Sectra brings PACS power to pathology

"I can count on my fingers the number of pathologists who work full digitally," said Elin Kindberg who is leading the development of a pathology PACS for Sectra Imaging IT Solutions. Conventional light microscopes continued to be standard tool for examining histo-pathology slides.

Photo: Sectra brings PACS power to pathology
Elin Kindberg, Product Manager for digital pathology at Sectra
Elin Kindberg, Product Manager for digital pathology at Sectra

Just as the introduction of PACS to radiology departments pushed aside lightboards and led to astounding advances in both reading and reporting, digitization of pathology holds a promise for automating time-consuming tasks, greatly enhancing management of patient files, tracking the chain of production and eliminating the need to go to the glass archive when looking for a previously prepared slide.
An early realization of this promise was shown when pathologists using digital files to participate in multi-disciplinary tumor boards in Sweden reported meeting times reduced from 90 to 60 minutes."This is not a research project, Sectra PACS for Pathology is a live product that we expect to launch in March, 2015," she said.

Building on the infrasctructure of a radiology PACS is only a starting point, said Kindberg.
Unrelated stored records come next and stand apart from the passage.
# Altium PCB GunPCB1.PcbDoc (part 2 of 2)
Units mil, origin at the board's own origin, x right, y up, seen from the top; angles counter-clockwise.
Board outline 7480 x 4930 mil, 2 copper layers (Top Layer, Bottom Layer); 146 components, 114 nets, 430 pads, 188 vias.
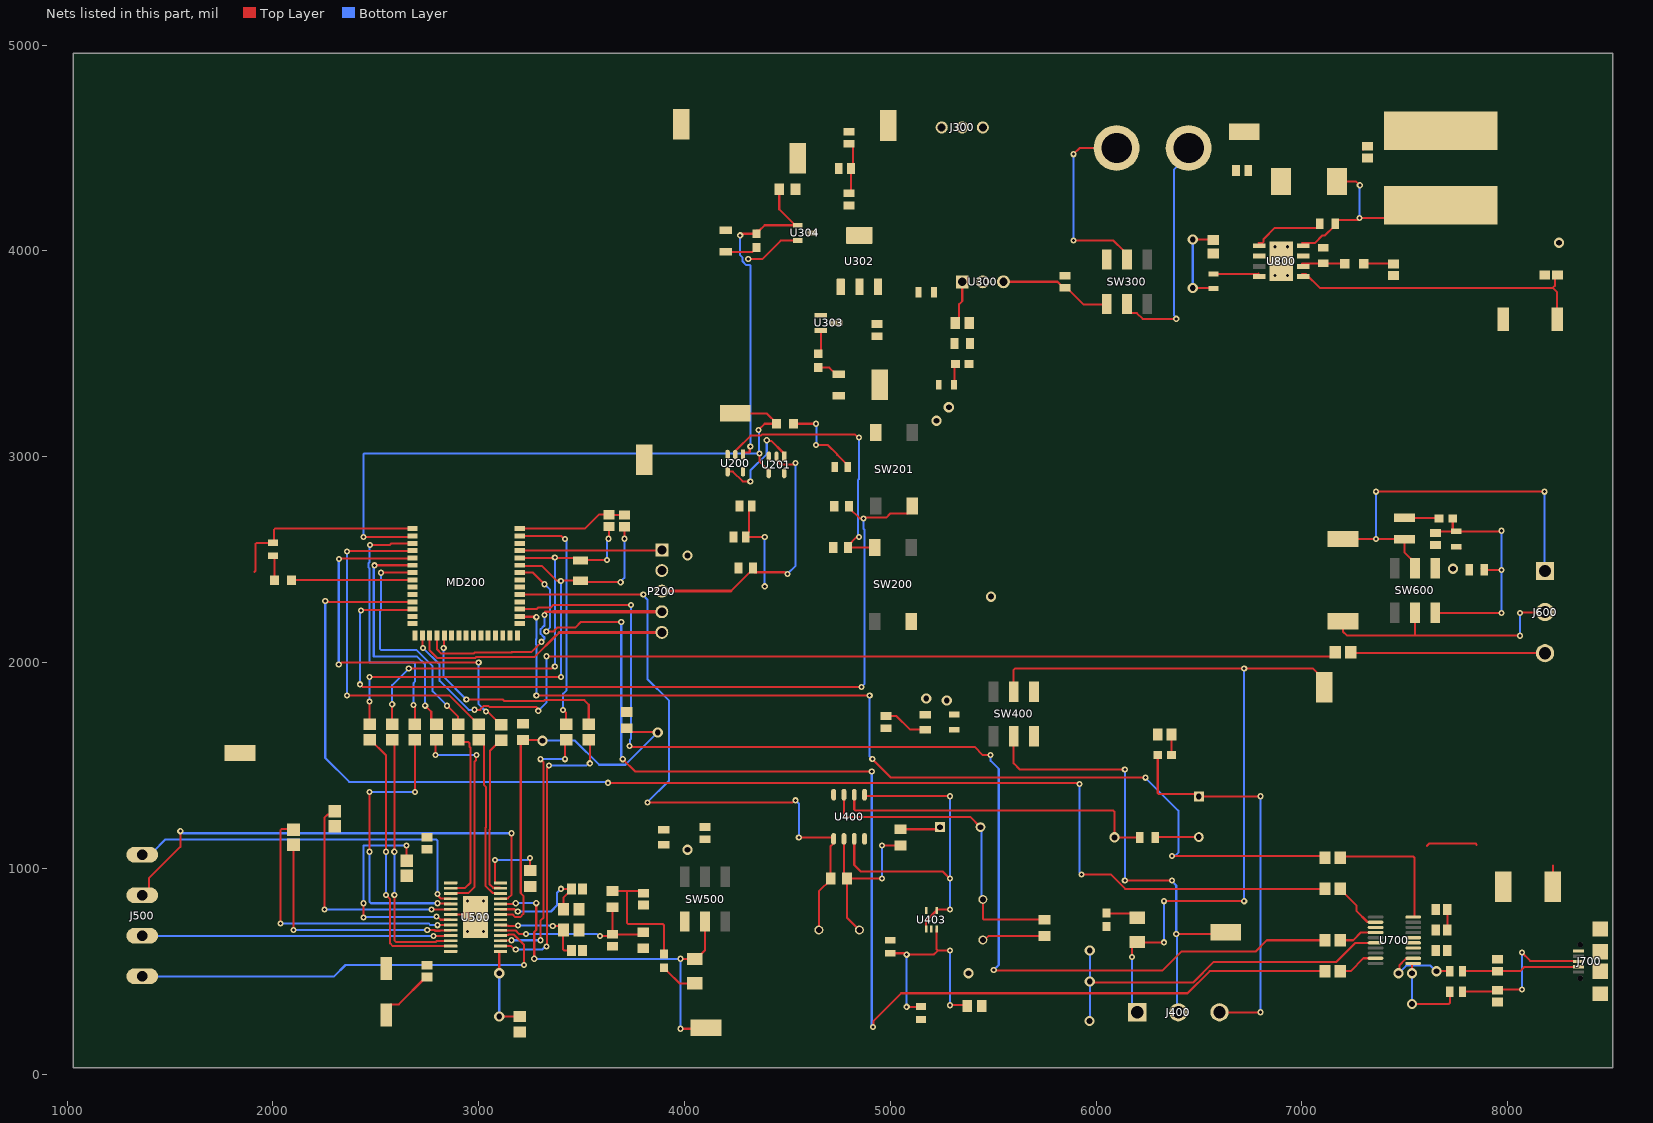
[diagram p2: the nets of this part, all layers, seen from the top]

## Via types
v1: diameter 30, hole 15, Top Layer to Bottom Layer, 164 vias
v2: diameter 50, hole 28, Top Layer to Bottom Layer, 16 vias
v3: diameter 50/50 (per signal layer), hole 28, Top Layer to Bottom Layer, 8 vias

## Nets (pads, with @x,y where several pads share a name; then routed paths per layer and width w, separated by ;. In a path a pad name is that pad's centre, name@x,y a point inside that pad or via, vN(x,y) a via of type N, cw(c..) or ccw(c..) an arc to the next point about the centre after c; other vN are vias at no path point)
3.3V: C200.1 C201.1 C303.1 C306.1 C509.1 C510.1 C511.1 C702.1 MD200.4 P200.1 R200.2 R201.2 R203.2 R204.2 R306.2 R403.2 SW500.6 TP301.1 U200.5 U201.5 U302.2 U302.4 U304.3 U400.8 U403.5 U700.3 U700.14 | length 725.1
  Top Layer w10: MD200.4@3200,2543.7 3883.7,2543.7 P200.1@3890,2550 ; R200.2@4730,2950 R200.2@4730,2958.86 ; C702.1@7637.5,612.5 C702.1@7650,600 C702.1@7650,605.94
  other v3: 4015,1090 4015,2520
3V3_PWR_GOOD: D303.2 R306.1 U200.1 U304.1 | length 1615.8
  Top Layer w10: v1(4270.76,4075.74) 4274.82,4075.74 4282.54,4083.46 D303.2@4350,4083.46 ; U200.1@4284.51,3010 4284.51,3014.52 4289.98,3020 4314.14,3020 4317.13,3022.99 4317.13,3047.13 v1(4320,3050) ; D303.2@4350,4100 4364.57,4100 4389.37,4124.8 U304.1@4540,4124.8 ; R306.1@4460.63,4300 4460.63,4202.36 4532.99,4130 U304.1@4540,4130
  Bottom Layer w10: v1(4270.76,4075.74) 4270.76,3979.24 4282.5,3967.5 4282.5,3948.61 4298.61,3932.5 4317.5,3932.5 4320,3930 v1(4320,3050)
5V: C300.1 C304.1 C305.1 C400.1 C401.1 C402.1 C703.1 C704.1 J300.3 R514.2 SW400.6 TP302.1 TP700.1 U302.3 U303.3 U700.15
  other v2: 5175,1825 5225,3175
  other v3: 5275,1815 5285,3240
5V_PWR_GOOD: D301.2 U303.2 | length 113.7
  Top Layer w10: D301.2@4660,3500 4662.6,3502.6 U303.2@4662.6,3612.6
7.4V: C302.1 C600.1 C601.1 C602.1 C804.1 L800.1 R801.1 SW600.6 TP300.1 | length 168.1
  Top Layer w10: TP300.1@6680,4550 TP300.1@6710,4580 ; C804.1@7298.3,4492.81 C804.1@7320,4514.51 ; C804.1@7317.03,4511.54 C804.1@7320,4514.51 ; C804.1@7320,4508.57 C804.1@7320,4514.51 ; C804.1@7320,4518.57 C804.1@7320,4514.51 ; L800.1@7560,4540 L800.1@7580,4560 ; C602.1@7650,2570.47 C602.1@7657.87,2562.6 ; C600.1@7747.4,2562.6 7750,2560 7752.6,2562.6 7761.81,2562.6 C600.1@7770.59,2553.82 ; C601.1@7810,2450 C601.1@7810,2462.44
  other v3: 7735,2455 8250,4040
24V: C502.1 C503.2 C504.1 C507.1 C803.1 D300.2 J300.1 R300.1 R301.1 R505.2 U300.2 U500.15 U500.28 U800.2
  other v3: 5380,490 5490,2320
FTDI_CTS_N: R705.2 U700.9 | length 211.8
  Top Layer w10: R705.2@7187.4,500 7236.93,500 7299.43,562.5 7357.87,562.5 U700.9@7360,560.37 ; U700.9@7358.46,562.5 7367.87,562.5 U700.9@7370,560.37
FTDI_RTS_N: R704.2 U700.2 | length 258
  Top Layer w10: R704.2@7187.4,900 7187.4,897.05 7264.73,819.72 7264.73,793.37 7319.5,738.6 7356.77,738.6 U700.2@7360,735.37
FTDI_RX: R703.2 U700.4 | length 189
  Top Layer w10: R703.2@7187.4,650 7249.43,650 7286.93,687.5 7357.87,687.5 U700.4@7360,685.37
FTDI_TX: R702.2 U700.20 | length 659.3
  Top Layer w10: R702.2@7187.4,1050 7194.69,1057.29 7541.86,1057.29 7547.71,1051.43 7547.71,765.16 7545.06,762.5 U700.20@7541.54,762.5
GND: C200.2 C201.2 C202.1 C203.1 C300.2 C301.2 C302.2 C303.2 C304.2 C305.2 C306.2 C400.2 C401.2 C402.2 C407.2 C500.2 C501.2 C502.2 C504.2 C506.2 C507.2 C508.1 C509.2 C510.2 C511.2 C600.2 C601.2 C602.2 C700.2 C701.2 C702.2 C703.2 C704.2 C802.2 C803.2 C804.2 C805.2 C806.1 D400.1 D500.1 D600.1 D800.2 J300.2 J700.5 J700.Shell MD200.1 MD200.15 MD200.43 P200.2 R202.1 R300.2 R303.1 R305.2 R307.1 R401.1 R407.1 R500.1 R501.2 R510.2 R511.1 R515.1 R516.1 R800.1 SW200.3 SW201.3 SW300.3 SW400.3 SW600.3 TP201.1 TP202.1 TP303.1 TP501.1 TP701.1 U200.3 U201.3 U302.1 U303.1 U304.2 U400.4 U403.2 U500.7 U500.21 U500.29 U700.6 U700.16 U800.7 U800.9 | length 7694.6
  Top Layer w10: 1910,2440 1915,2445 1915,2575.64 1920.86,2581.5 R202.1@2000,2581.5 ; R202.1@2000,2585 2005,2590 2005,2644.14 2010.86,2650 MD200.43@2678.82,2650 ; C502.2@2550,310 2550,316.34 2572.56,338.9 2611.54,338.9 2744.06,471.43 C504.2@2750,471.43 ; U500.21@2863.94,775.21 2964.79,775.21 U500.29@2980,760 ; MD200.1@3200,2650 3515,2650 3585,2720 C202.1@3630,2720 ; C202.1@3633.52,2717.68 3692.32,2717.68 C203.1@3700,2710 ; R511.1@3650,887.83 R511.1@3652.41,885.42 ; R511.1@3650,890 3720,890 ; C509.2@3800,878.57 3788.57,890 3720,890 ; D500.1@3900,583.46 3900,724.14 3894.14,730 3725.86,730 3720,735.86 3720,890 ; C201.2@4297.11,2610 C201.2@4300,2610 ; v1(4310,3960) 4377.72,3960 4467.72,4050 U304.2@4550,4050 ; C200.2@4326.63,2760 4312.93,2746.3 4312.93,2633.7 4300,2620.77 C201.2@4300,2610 ; v1(4390,2610) C201.2@4300,2610 ; C306.2@4800,4279.53 4810,4289.53 C303.2@4810,4400 ; C303.2@4809.06,4400 4820,4410.94 C304.2@4820,4520 ; C402.2@4980,1740 5030,1740 5095,1675 5170,1675 C401.2@5175,1670 ; v2(5970,450) 5975,445 6472.85,445 6572.93,545.08 7168.55,545.08 7260.97,637.5 U700.6@7358.46,637.5 U700.6@7357.36,636.4 ; v2(6470,3820) 6471.32,3818.68 C802.2@6568.68,3818.68 ; v2(6470,4055) 6567.81,4055 C803.2@6570,4052.81 ; U700.16@7541.54,662.5 U700.16@7542.64,663.6 ; 7607.86,1107.86 7620,1120 7844.14,1120 7850,1114.14 ; SW600.3@7648.43,2241.73 7650.16,2240 v1(7970,2240) ; C602.2@7650,2629.53 7657.87,2637.4 7747.4,2637.4 7750,2640 7739.65,2640 7733.46,2646.18 D600.1@7733.46,2700 ; C703.2@7707.15,707.15 C704.2@7707.15,800 C704.2@7707.15,805.94 ; C600.2@7750,2637.4 7967.4,2637.4 v1(7970,2640) ; C601.2@7872.72,2457.28 C601.2@7880,2450 ; C601.2@7886.42,2450 v1(7970,2450) ; TP701.1@8220,900 8220,1014.14
  Bottom Layer w10: v1(4390,2370) v1(4390,2610) ; v2(5967.99,258.13) 5970,260.15 v2(5970,450) v2(5970,600) ; v2(6470,3820) v2(6470,4055) ; v1(7970,2240) v1(7970,2450) v1(7970,2640)
  other v1: 2945.63,693.51 3024.37,693.51 2985,762.41 2945.63,841.15 3024.37,841.15
hall_gnd: J400.2 SW400.2 TP401.1 | length 2334.8
  Top Layer w10: SW400.2@5600,1641.73 5600,1510 5630,1480 v1(6140,1480) ; v1(6140,940) v1(6370,940) ; v1(6390,680) TP401.1@6620,680
  Bottom Layer w10: v1(6140,940) v1(6140,1480) ; v1(6370,940) 6370,935.94 6390,915.94 v1(6390,680) 6392.87,677.13 6392.87,302.87 J400.2@6390,300
hall_sig: C403.1 D401.2 J400.3 | length 1931.4
  Top Layer w10: D401.2@6300,1550 6300,1365.86 6305.86,1360 6490,1360 C403.1@6500,1350 ; C403.1@6500,1348.43 6798.43,1348.43 v1(6800,1350) ; J400.3@6610,300 v1(6800,300)
  Bottom Layer w10: v1(6800,300) v1(6800,1350)
hall_vdd: J400.1 R400.1 SW400.5 TP400.1 | length 3787.9
  Top Layer w10: SW400.5@5600,1858.27 5600,1964.14 5605.86,1970 v1(6720,1970) 7054.84,1970 7084.84,1940 TP400.1@7110,1940 ; v1(6175.53,569.45) 6175.53,616.48 R400.1@6200,640.94 6200,640 v1(6330,640) ; v1(6330,840) v1(6720,840)
  Bottom Layer w10: 6175.53,344.87 v1(6175.53,569.45) ; v1(6330,640) v1(6330,840) ; v1(6720,840) v1(6720,1970)
NetC301_1: C301.1 SW300.6 U300.3 | length 555.8
  Top Layer w10: U300.3@5550,3850 5812.6,3850 5842.6,3820 C301.1@5850,3820 ; C301.1@5850,3820.47 5857.87,3820.47 5938.35,3740 SW300.6@6060,3740
NetC403_2: C403.2 R404.2 | length 210.7
  Top Layer w10: R404.2@6290,1150 6291.57,1151.57 C403.2@6500,1151.57
NetC404_1: C404.1 R402.2 | length 194.4
  Top Layer w10: R402.2@5050,1189.37 5229.37,1189.37 C404.1@5240,1200
NetC404_2: C404.2 C406.1 R406.1 U400.7 | length 1557.7
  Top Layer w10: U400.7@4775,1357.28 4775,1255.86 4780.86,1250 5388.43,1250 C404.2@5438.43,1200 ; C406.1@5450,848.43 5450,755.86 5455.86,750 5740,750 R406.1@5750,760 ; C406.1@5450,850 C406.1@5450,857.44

The front-end interface for pathology analysis and reporting holds very distinct requirements.
The size of magnified specimen slide images, scanned to convert them from an analog to digital formats, average 500 megabytes per slide. Far too large to be downloaded even at a hospital-based workstation, let alone remote viewing. Streaming to a browser based application is the sensible solution that also builds on the trend toward centralized servers, and especially cloud-based regional archives.

In a demonstration Kindberg called up a patient file using a Google Chrome browser that allows a pathologists to review, quantify, annotate and create a report. The screen can be split into as many as four simultaneous views using a drag-and-drop function. Slides from the same block are automatically registered in all views, tracking with changes to the view in the active split screen.
"Technically it is possible, yes, to stream images to a tablet, but not all the functionality for reporting would be available simultaneously, such as speech recognition and annotation would be frustrating using the tablet interface," she said.

Sectra is strongly focused on the user experience with ongoing studies of pathologists workflow and their ways of working. A 3D control device that operates like a joystick is used to navigate and zoom."Many pathologists complain of having a stiff neck from working on a microscope, they don't want to add carpal tunnel syndrome, or 'mouse arm' to their troubles," said Kindberg.
Unlike radiology where vendors agreed on shared DICOM standrads many years ago, manufacturers of the scanners that digitize blocks of specimen slides have no such agreements and as a result digital pathology data is fragmented among more than 20 proprietary formats.
"We are building a PACS system with vendor neutral standards for viewing and we are open to working with all the vendors," she said.

"Our vision is to take all the good things that come from reviewing and reporting using a microscope, to be sure we have brought them into the digital space, and then accelerate the work with the powerful advantages of PACS," said Kindberg.